Exercise details:
Below are some entries. Repeat exactly the lines from the one with "me_decktile4x5.update()" through the one with "scene.camera = ob_auto_camera", and only those.

Data for processing:
----------
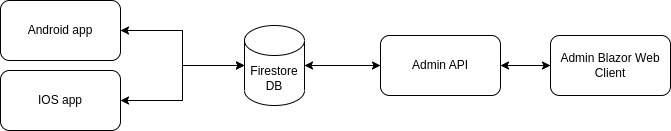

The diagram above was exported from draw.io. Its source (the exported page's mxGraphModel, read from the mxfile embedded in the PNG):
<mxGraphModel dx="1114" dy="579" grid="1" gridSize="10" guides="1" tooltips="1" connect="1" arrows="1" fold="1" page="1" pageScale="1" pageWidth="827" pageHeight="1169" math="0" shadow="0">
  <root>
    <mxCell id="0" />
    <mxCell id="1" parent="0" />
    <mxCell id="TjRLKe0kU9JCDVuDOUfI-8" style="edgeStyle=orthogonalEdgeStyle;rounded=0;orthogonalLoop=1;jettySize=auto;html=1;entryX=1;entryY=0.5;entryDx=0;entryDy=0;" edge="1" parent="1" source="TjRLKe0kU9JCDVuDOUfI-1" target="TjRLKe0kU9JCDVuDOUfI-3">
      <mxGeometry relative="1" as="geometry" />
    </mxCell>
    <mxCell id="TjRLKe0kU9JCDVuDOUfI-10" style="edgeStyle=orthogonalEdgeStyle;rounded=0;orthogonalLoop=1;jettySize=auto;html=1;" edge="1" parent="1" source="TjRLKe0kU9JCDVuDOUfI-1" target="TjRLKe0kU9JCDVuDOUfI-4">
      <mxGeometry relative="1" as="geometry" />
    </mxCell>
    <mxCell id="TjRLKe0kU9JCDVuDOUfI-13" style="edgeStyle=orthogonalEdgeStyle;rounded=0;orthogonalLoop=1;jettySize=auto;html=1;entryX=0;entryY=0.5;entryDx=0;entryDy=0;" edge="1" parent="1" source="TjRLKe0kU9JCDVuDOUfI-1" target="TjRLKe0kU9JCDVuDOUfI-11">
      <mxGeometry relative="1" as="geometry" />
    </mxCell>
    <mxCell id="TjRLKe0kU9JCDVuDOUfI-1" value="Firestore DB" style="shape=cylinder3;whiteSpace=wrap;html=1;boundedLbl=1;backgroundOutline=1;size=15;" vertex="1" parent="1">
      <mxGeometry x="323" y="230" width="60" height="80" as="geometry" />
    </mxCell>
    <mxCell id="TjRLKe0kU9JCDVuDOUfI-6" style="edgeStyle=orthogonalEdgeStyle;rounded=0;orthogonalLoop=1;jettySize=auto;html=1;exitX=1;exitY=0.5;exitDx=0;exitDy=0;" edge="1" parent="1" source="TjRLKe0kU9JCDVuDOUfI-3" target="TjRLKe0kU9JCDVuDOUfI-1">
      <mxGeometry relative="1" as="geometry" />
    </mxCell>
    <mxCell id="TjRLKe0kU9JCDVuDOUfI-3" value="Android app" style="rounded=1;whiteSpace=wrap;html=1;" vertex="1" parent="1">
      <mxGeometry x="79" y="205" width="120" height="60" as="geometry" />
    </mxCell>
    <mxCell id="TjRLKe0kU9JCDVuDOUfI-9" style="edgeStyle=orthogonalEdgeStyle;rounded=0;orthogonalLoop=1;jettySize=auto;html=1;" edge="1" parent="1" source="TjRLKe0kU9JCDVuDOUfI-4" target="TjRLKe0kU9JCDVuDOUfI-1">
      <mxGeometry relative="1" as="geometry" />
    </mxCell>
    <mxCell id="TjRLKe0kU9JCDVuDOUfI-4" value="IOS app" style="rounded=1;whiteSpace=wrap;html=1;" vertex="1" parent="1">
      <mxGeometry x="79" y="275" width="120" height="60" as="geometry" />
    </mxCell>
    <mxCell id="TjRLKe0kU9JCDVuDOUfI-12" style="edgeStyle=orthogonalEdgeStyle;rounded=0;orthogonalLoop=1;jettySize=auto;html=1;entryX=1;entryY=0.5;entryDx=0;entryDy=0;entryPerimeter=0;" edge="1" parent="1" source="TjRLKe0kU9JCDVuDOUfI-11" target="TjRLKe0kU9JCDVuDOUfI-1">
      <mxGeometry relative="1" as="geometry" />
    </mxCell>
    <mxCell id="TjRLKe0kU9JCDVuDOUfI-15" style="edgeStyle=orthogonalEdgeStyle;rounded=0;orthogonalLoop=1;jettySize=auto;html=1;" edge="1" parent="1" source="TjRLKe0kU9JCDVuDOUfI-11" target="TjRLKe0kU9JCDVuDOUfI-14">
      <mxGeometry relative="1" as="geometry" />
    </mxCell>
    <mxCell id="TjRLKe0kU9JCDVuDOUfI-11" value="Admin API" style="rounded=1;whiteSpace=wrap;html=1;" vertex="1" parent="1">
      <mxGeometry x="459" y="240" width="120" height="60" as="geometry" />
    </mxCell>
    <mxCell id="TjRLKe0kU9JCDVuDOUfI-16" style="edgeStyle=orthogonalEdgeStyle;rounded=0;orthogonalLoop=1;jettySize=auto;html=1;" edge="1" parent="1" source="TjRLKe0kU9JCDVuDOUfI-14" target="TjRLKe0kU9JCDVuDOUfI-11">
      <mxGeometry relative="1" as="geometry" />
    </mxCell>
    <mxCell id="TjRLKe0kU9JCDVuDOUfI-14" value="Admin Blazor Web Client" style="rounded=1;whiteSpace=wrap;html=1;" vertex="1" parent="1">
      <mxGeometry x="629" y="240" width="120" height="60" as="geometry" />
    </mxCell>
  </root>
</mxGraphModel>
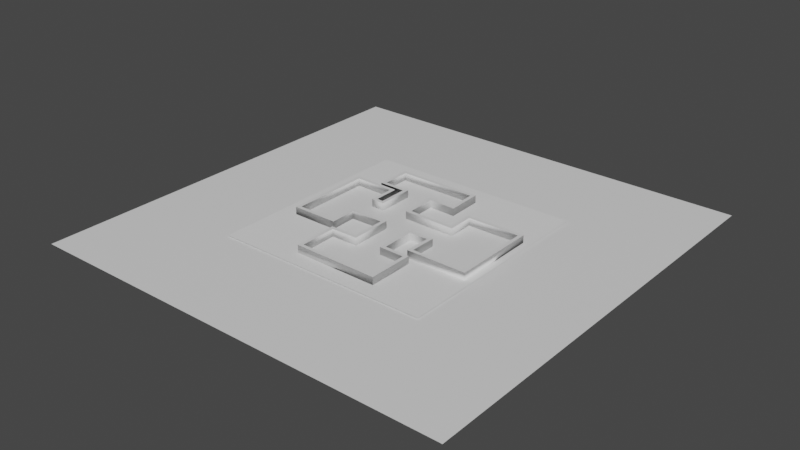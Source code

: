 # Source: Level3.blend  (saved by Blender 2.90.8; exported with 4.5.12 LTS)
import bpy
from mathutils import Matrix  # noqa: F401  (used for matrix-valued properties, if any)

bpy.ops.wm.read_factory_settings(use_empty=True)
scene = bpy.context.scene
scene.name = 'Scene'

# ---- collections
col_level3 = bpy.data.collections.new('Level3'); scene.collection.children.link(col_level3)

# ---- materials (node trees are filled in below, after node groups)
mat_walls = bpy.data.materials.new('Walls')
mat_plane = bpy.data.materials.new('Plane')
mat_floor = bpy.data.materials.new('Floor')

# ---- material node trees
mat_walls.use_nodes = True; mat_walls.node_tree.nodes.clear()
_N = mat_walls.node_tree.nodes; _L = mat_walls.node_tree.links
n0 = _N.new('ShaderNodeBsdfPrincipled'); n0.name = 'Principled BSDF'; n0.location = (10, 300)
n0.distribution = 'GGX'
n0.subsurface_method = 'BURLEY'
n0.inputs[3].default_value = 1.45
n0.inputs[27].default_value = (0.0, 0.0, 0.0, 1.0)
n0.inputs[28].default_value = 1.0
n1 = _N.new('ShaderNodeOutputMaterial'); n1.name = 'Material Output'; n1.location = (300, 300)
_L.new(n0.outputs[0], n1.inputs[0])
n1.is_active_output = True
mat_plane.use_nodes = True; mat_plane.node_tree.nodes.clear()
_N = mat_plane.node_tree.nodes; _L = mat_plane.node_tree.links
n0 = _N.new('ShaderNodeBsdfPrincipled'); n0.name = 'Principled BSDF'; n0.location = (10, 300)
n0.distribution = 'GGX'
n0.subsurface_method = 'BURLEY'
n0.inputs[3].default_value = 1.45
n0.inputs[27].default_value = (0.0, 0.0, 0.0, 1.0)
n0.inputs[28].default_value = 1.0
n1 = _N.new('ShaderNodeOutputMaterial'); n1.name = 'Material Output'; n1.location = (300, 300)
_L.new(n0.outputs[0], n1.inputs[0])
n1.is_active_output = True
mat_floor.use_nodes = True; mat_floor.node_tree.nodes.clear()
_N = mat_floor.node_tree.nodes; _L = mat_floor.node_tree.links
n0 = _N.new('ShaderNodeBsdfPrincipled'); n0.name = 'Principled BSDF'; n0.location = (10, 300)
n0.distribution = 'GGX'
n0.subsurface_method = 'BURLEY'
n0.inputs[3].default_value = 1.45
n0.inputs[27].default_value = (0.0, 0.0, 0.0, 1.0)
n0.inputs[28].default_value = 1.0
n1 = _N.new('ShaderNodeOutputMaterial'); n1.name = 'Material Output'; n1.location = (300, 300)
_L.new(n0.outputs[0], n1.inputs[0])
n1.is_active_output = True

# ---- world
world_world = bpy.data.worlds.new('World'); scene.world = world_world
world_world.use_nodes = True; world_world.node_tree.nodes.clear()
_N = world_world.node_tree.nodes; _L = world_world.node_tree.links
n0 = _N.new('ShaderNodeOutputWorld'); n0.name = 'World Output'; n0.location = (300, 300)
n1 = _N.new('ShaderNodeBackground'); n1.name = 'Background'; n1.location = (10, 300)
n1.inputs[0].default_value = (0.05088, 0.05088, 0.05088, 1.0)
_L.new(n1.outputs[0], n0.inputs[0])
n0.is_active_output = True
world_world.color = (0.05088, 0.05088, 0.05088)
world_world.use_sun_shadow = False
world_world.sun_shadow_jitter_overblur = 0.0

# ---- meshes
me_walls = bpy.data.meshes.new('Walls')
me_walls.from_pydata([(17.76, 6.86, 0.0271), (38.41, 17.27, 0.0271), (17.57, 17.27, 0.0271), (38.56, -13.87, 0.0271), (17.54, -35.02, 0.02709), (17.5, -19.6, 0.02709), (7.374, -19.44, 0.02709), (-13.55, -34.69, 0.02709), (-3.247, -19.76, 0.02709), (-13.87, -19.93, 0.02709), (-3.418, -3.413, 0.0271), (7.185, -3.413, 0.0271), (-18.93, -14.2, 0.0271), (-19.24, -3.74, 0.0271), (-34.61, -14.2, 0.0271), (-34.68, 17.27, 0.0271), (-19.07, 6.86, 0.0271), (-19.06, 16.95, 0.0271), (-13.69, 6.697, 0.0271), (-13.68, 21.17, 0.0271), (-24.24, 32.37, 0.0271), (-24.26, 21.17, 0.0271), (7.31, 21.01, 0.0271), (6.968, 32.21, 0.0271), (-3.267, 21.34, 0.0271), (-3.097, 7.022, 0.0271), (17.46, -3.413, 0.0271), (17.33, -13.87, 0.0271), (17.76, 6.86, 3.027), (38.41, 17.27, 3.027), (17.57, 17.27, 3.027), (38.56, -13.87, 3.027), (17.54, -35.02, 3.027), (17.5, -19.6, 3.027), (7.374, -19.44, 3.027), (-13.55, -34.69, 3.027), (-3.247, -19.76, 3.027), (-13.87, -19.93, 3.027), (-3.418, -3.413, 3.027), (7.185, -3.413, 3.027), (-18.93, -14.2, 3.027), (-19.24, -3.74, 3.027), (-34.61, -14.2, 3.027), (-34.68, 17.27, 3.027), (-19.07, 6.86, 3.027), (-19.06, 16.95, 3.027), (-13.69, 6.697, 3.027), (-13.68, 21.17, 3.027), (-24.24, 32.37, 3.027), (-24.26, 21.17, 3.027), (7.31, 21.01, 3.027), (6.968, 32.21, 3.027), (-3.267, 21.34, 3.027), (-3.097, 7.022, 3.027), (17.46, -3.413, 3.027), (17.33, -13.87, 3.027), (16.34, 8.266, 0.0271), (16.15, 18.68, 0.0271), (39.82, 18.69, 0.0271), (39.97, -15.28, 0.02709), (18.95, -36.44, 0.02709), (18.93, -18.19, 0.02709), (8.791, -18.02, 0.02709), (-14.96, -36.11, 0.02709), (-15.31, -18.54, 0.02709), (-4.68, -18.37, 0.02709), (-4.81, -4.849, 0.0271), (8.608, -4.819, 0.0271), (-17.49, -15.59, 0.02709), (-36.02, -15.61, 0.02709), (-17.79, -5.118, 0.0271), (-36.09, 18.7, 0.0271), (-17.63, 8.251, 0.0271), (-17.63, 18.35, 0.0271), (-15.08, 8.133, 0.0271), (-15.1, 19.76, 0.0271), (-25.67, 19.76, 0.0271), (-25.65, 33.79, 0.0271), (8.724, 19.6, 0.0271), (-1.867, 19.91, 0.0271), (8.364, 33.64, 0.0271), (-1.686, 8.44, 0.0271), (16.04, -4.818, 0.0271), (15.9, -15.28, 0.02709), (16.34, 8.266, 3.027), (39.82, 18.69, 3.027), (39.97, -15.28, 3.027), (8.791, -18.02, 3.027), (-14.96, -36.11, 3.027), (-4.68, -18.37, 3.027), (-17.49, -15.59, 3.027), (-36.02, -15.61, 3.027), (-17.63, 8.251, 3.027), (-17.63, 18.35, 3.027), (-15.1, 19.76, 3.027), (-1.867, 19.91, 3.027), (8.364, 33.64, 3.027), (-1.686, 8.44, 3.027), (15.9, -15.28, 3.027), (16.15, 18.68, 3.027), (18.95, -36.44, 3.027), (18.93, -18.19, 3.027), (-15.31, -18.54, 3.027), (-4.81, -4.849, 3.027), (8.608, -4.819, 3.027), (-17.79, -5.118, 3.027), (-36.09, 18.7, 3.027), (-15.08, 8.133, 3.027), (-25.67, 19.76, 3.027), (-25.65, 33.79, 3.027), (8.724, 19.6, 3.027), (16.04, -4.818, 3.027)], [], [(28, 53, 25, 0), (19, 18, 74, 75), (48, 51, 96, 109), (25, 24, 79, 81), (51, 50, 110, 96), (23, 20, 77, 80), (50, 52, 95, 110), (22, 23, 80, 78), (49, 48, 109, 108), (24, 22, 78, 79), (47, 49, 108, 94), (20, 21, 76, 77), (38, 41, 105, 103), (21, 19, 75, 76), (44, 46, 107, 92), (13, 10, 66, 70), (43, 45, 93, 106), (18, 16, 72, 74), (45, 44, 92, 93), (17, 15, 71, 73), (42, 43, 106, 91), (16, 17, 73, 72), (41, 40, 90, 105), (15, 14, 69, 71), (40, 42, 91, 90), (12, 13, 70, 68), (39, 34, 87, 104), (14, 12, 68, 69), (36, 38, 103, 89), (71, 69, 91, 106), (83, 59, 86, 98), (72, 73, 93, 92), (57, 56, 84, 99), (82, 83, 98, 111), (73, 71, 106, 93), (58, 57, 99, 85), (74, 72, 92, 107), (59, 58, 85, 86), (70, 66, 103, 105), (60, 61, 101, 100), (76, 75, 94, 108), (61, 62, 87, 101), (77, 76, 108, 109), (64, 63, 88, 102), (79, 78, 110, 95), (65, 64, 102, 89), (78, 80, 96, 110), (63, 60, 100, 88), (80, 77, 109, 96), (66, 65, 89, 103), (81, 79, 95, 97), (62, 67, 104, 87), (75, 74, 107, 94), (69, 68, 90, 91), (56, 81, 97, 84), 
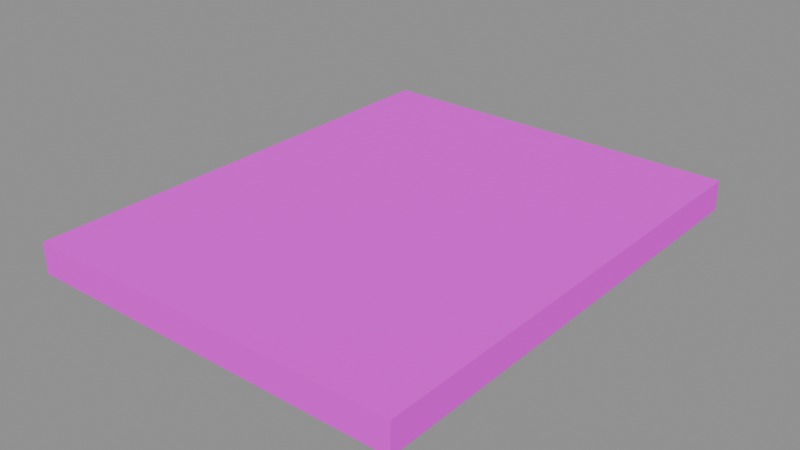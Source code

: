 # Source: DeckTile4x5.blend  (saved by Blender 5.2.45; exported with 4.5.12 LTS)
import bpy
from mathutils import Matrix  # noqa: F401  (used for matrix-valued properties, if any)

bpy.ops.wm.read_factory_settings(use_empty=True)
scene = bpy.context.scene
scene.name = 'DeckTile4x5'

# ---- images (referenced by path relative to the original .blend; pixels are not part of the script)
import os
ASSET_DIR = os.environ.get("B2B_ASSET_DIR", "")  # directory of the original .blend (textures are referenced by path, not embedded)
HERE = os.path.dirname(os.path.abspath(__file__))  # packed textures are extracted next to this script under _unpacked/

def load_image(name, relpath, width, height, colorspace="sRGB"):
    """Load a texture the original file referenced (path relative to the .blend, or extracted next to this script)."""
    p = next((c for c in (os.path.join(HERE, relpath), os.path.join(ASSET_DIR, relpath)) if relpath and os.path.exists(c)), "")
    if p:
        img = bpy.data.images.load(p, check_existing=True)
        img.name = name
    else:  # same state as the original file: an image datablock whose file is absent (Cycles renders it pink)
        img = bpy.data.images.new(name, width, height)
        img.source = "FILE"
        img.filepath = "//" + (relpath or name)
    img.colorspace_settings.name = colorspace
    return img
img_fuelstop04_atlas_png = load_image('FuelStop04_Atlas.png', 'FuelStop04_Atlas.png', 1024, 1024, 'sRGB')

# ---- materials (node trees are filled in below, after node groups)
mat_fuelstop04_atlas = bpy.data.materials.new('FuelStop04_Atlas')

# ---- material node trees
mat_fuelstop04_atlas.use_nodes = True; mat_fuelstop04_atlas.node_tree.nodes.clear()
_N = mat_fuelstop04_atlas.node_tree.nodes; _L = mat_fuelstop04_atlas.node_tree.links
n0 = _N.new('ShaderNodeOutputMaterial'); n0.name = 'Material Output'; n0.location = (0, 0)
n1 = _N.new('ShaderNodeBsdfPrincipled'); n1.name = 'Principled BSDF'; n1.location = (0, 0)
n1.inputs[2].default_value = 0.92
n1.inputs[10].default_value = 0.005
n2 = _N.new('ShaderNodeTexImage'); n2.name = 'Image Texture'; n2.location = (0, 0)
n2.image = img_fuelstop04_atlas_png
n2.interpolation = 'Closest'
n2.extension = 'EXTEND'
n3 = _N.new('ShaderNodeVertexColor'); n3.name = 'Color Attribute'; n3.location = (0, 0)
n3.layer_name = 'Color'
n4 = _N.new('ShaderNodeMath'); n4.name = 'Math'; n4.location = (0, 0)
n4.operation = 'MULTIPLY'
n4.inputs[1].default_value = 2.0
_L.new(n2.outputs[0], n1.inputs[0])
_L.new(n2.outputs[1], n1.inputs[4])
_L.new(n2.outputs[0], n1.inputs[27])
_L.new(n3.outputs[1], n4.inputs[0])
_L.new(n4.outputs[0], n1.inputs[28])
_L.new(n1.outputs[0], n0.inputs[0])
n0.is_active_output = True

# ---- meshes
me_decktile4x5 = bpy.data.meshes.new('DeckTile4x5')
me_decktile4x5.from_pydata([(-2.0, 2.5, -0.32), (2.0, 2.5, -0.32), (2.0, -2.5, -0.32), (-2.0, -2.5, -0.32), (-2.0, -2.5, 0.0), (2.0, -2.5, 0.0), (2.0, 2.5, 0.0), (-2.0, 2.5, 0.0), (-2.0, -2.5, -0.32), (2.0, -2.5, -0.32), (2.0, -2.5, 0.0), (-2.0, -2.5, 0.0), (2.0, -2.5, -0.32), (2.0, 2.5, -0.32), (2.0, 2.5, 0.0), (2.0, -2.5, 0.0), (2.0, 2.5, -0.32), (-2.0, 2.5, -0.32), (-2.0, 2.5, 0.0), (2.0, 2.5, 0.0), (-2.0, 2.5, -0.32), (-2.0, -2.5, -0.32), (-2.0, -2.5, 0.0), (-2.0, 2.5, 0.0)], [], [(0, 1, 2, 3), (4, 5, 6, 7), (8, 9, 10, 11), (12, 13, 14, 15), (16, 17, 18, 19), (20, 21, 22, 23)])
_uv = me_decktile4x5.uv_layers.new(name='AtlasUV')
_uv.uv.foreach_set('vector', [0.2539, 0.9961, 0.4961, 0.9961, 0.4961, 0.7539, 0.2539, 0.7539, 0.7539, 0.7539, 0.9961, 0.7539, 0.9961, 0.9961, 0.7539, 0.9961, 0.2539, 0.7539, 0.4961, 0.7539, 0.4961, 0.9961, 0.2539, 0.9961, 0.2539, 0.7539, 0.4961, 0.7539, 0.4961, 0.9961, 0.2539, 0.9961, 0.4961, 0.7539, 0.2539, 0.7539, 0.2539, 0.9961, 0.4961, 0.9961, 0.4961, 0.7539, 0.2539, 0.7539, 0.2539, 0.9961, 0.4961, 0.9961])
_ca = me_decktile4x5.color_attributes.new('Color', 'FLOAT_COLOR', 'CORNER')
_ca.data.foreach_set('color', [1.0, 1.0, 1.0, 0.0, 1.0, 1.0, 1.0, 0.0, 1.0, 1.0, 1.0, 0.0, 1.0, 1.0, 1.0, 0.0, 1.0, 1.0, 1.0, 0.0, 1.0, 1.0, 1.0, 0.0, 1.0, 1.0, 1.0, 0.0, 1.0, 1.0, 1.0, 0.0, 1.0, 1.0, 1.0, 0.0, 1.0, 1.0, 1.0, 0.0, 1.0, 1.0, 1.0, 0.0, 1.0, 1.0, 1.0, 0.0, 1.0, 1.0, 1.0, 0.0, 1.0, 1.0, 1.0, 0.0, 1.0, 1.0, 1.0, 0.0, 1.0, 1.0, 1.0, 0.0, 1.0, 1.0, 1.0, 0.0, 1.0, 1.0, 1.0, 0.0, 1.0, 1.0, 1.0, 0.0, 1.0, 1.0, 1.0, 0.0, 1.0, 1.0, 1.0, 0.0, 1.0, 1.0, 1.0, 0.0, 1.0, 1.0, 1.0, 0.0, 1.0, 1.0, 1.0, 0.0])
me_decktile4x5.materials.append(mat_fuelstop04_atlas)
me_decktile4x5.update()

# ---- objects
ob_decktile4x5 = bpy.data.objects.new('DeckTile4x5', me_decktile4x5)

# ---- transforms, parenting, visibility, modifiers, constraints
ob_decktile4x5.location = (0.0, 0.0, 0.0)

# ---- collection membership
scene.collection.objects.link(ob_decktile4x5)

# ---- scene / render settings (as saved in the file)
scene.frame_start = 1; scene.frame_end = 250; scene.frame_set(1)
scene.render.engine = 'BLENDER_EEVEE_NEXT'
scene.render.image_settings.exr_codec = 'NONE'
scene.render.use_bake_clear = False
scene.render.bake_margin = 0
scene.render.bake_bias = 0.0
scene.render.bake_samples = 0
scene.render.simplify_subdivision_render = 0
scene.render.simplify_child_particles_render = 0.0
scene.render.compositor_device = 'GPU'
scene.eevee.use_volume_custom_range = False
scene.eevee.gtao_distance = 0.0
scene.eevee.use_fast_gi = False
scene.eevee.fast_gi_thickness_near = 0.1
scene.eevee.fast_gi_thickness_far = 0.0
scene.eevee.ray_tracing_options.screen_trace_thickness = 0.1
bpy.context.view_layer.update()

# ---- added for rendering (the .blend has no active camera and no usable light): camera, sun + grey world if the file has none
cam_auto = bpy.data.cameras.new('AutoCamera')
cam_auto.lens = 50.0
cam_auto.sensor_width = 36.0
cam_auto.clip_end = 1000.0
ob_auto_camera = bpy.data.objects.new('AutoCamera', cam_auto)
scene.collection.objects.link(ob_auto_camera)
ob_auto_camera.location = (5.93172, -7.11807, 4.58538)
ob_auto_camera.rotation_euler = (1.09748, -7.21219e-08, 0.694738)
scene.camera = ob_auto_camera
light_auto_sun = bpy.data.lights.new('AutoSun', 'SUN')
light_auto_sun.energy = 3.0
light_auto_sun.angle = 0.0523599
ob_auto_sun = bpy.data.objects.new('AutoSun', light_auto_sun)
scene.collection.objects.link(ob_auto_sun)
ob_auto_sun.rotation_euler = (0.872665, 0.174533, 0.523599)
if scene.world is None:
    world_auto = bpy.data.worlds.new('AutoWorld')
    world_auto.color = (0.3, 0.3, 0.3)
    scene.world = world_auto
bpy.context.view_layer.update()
----------
Result of the task:
me_decktile4x5.update()

# ---- objects
ob_decktile4x5 = bpy.data.objects.new('DeckTile4x5', me_decktile4x5)

# ---- transforms, parenting, visibility, modifiers, constraints
ob_decktile4x5.location = (0.0, 0.0, 0.0)

# ---- collection membership
scene.collection.objects.link(ob_decktile4x5)

# ---- scene / render settings (as saved in the file)
scene.frame_start = 1; scene.frame_end = 250; scene.frame_set(1)
scene.render.engine = 'BLENDER_EEVEE_NEXT'
scene.render.image_settings.exr_codec = 'NONE'
scene.render.use_bake_clear = False
scene.render.bake_margin = 0
scene.render.bake_bias = 0.0
scene.render.bake_samples = 0
scene.render.simplify_subdivision_render = 0
scene.render.simplify_child_particles_render = 0.0
scene.render.compositor_device = 'GPU'
scene.eevee.use_volume_custom_range = False
scene.eevee.gtao_distance = 0.0
scene.eevee.use_fast_gi = False
scene.eevee.fast_gi_thickness_near = 0.1
scene.eevee.fast_gi_thickness_far = 0.0
scene.eevee.ray_tracing_options.screen_trace_thickness = 0.1
bpy.context.view_layer.update()

# ---- added for rendering (the .blend has no active camera and no usable light): camera, sun + grey world if the file has none
cam_auto = bpy.data.cameras.new('AutoCamera')
cam_auto.lens = 50.0
cam_auto.sensor_width = 36.0
cam_auto.clip_end = 1000.0
ob_auto_camera = bpy.data.objects.new('AutoCamera', cam_auto)
scene.collection.objects.link(ob_auto_camera)
ob_auto_camera.location = (5.93172, -7.11807, 4.58538)
ob_auto_camera.rotation_euler = (1.09748, -7.21219e-08, 0.694738)
scene.camera = ob_auto_camera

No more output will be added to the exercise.